#### Exercise inputs ####
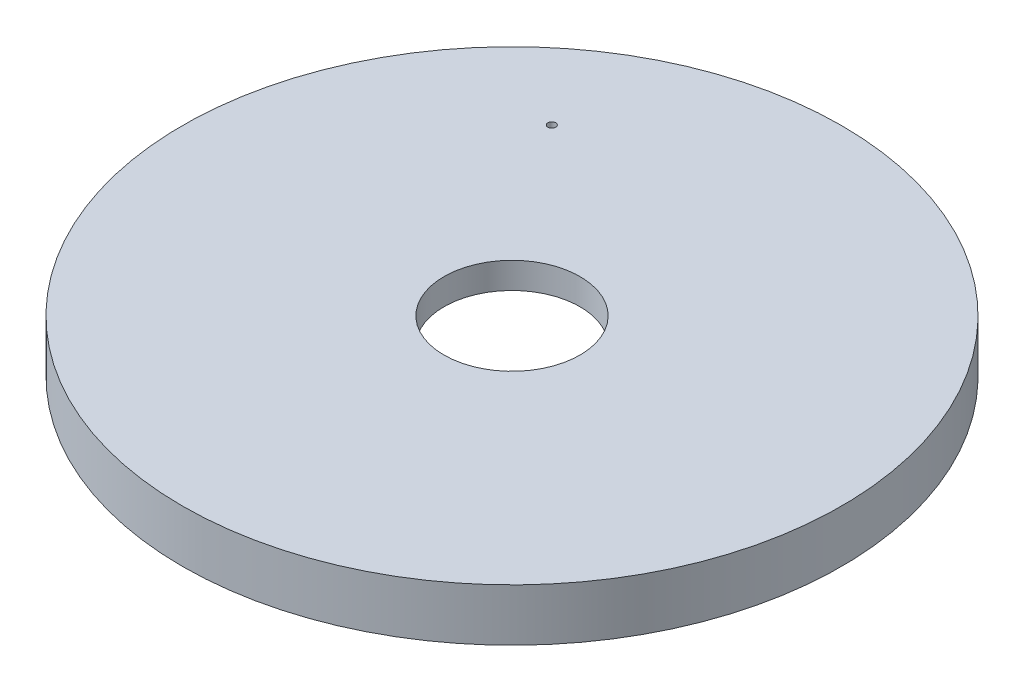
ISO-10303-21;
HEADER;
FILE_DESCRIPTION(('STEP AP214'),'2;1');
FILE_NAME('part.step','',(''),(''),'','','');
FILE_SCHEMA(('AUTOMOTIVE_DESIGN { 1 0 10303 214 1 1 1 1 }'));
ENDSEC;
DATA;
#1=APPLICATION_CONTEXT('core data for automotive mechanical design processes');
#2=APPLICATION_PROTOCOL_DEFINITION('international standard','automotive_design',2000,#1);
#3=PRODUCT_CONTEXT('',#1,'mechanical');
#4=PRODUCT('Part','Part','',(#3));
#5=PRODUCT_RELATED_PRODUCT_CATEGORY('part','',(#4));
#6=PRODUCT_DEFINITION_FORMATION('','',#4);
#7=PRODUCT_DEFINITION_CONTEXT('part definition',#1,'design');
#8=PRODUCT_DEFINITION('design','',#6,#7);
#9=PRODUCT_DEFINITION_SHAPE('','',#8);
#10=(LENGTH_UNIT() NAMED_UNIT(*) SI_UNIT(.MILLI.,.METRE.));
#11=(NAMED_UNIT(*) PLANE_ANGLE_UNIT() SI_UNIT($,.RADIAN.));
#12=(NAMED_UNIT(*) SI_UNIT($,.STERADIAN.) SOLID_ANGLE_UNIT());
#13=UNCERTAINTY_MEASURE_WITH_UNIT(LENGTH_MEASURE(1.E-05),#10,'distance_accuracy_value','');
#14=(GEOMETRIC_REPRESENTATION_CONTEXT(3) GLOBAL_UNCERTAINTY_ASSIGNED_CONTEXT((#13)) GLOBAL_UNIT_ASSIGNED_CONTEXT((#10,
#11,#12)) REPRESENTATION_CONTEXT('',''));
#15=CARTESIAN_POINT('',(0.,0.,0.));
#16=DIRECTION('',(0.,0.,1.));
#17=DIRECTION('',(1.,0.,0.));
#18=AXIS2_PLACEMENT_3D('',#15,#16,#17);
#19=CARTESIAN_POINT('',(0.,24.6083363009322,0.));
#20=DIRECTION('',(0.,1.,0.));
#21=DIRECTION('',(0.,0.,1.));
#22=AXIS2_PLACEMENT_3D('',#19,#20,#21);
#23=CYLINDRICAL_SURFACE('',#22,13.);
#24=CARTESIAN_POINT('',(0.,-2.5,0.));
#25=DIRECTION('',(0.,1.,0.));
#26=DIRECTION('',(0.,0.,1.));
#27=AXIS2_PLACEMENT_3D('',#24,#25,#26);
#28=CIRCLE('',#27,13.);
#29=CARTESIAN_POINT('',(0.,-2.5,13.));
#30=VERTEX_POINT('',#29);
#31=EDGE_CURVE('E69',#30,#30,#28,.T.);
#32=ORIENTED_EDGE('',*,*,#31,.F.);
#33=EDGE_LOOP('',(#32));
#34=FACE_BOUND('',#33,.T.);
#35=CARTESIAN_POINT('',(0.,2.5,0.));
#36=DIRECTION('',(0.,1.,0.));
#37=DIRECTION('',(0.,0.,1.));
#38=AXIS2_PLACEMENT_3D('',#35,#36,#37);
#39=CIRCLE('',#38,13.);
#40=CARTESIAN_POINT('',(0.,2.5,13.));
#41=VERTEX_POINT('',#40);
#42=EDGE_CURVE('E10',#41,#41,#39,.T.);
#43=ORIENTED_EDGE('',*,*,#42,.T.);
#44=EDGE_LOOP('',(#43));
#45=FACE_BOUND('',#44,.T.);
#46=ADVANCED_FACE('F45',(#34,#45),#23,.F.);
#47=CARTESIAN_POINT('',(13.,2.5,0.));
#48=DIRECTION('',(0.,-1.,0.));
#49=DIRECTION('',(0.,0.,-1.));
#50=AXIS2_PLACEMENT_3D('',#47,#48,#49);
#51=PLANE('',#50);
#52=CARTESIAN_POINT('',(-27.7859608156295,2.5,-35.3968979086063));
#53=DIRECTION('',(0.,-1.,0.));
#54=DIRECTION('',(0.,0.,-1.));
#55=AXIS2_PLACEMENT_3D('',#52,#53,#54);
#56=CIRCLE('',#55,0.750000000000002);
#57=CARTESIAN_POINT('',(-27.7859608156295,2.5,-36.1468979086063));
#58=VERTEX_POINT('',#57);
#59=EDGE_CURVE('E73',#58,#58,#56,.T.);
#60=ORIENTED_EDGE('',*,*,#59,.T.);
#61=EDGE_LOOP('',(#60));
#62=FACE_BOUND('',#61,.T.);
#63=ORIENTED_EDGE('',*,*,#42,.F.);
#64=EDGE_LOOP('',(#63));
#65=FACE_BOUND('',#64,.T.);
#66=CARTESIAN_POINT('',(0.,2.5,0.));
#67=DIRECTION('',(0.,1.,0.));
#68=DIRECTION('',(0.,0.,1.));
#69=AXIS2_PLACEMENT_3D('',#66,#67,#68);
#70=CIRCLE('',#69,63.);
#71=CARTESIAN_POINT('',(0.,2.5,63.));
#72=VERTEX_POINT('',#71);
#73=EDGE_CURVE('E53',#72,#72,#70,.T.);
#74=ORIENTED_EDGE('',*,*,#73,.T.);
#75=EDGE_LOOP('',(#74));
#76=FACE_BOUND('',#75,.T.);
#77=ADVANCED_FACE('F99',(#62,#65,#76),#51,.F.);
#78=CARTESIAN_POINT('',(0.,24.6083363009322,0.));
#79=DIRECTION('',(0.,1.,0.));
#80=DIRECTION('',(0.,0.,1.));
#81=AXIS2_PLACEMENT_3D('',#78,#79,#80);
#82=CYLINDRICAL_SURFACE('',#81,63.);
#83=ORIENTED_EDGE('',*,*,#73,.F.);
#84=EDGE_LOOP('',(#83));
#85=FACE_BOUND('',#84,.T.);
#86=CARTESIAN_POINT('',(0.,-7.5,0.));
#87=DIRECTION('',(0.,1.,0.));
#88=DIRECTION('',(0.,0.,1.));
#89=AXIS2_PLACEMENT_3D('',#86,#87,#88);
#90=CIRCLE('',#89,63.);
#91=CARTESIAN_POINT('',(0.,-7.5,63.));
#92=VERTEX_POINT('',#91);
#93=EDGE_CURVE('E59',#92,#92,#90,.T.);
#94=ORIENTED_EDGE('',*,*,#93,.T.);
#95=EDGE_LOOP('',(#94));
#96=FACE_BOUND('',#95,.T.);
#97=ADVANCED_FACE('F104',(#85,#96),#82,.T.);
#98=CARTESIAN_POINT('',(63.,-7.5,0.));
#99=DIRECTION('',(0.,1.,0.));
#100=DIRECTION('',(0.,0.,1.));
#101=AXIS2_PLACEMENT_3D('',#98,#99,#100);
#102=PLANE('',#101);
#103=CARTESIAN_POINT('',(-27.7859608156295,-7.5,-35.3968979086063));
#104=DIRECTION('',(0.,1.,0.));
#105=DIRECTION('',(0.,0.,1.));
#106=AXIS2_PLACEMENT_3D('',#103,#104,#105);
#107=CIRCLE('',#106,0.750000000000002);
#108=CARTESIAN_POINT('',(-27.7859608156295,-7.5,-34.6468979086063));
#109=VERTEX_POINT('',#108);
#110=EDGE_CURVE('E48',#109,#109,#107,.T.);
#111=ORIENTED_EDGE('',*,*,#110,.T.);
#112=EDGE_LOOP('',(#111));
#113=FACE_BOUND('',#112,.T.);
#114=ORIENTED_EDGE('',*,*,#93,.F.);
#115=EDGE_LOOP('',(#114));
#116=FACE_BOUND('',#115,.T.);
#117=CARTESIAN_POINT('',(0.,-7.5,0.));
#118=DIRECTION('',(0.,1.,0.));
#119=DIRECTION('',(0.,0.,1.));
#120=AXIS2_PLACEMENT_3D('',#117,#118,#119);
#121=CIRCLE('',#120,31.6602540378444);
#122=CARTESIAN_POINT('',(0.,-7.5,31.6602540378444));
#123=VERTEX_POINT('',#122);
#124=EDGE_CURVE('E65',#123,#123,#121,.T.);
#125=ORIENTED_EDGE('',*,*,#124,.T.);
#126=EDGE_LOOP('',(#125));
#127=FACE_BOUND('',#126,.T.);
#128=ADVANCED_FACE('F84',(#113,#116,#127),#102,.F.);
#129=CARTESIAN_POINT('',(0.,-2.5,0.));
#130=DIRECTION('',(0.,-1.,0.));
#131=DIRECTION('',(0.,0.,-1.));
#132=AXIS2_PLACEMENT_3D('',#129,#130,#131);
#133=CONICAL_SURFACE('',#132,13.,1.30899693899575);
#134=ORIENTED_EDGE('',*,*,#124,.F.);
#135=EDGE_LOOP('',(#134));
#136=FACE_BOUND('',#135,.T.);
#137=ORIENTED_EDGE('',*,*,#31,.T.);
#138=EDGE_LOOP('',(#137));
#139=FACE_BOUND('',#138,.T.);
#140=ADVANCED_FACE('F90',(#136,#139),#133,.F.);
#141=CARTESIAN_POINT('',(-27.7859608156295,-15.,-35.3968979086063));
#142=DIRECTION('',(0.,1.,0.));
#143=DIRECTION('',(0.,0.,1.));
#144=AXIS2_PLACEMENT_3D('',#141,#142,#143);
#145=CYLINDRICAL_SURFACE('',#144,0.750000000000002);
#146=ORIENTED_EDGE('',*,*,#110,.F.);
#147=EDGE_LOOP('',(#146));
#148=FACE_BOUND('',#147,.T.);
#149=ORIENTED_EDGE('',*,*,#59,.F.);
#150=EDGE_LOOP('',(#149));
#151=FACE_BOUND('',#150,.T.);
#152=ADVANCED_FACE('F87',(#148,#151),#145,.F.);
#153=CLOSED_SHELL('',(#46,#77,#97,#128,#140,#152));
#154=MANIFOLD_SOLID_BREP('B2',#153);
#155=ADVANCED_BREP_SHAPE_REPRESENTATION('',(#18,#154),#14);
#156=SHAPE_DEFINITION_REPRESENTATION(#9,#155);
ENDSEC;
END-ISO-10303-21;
####
### What you are asked to do
Retype only the lines above between the line with "#15=CARTESIAN_POINT('',(0.,0.,0.));" and the line with "#49=DIRECTION('',(0.,0.,-1.));", counting those two lines as well, and keep every character as it is.

### Solution to the problem
#15=CARTESIAN_POINT('',(0.,0.,0.));
#16=DIRECTION('',(0.,0.,1.));
#17=DIRECTION('',(1.,0.,0.));
#18=AXIS2_PLACEMENT_3D('',#15,#16,#17);
#19=CARTESIAN_POINT('',(0.,24.6083363009322,0.));
#20=DIRECTION('',(0.,1.,0.));
#21=DIRECTION('',(0.,0.,1.));
#22=AXIS2_PLACEMENT_3D('',#19,#20,#21);
#23=CYLINDRICAL_SURFACE('',#22,13.);
#24=CARTESIAN_POINT('',(0.,-2.5,0.));
#25=DIRECTION('',(0.,1.,0.));
#26=DIRECTION('',(0.,0.,1.));
#27=AXIS2_PLACEMENT_3D('',#24,#25,#26);
#28=CIRCLE('',#27,13.);
#29=CARTESIAN_POINT('',(0.,-2.5,13.));
#30=VERTEX_POINT('',#29);
#31=EDGE_CURVE('E69',#30,#30,#28,.T.);
#32=ORIENTED_EDGE('',*,*,#31,.F.);
#33=EDGE_LOOP('',(#32));
#34=FACE_BOUND('',#33,.T.);
#35=CARTESIAN_POINT('',(0.,2.5,0.));
#36=DIRECTION('',(0.,1.,0.));
#37=DIRECTION('',(0.,0.,1.));
#38=AXIS2_PLACEMENT_3D('',#35,#36,#37);
#39=CIRCLE('',#38,13.);
#40=CARTESIAN_POINT('',(0.,2.5,13.));
#41=VERTEX_POINT('',#40);
#42=EDGE_CURVE('E10',#41,#41,#39,.T.);
#43=ORIENTED_EDGE('',*,*,#42,.T.);
#44=EDGE_LOOP('',(#43));
#45=FACE_BOUND('',#44,.T.);
#46=ADVANCED_FACE('F45',(#34,#45),#23,.F.);
#47=CARTESIAN_POINT('',(13.,2.5,0.));
#48=DIRECTION('',(0.,-1.,0.));
#49=DIRECTION('',(0.,0.,-1.));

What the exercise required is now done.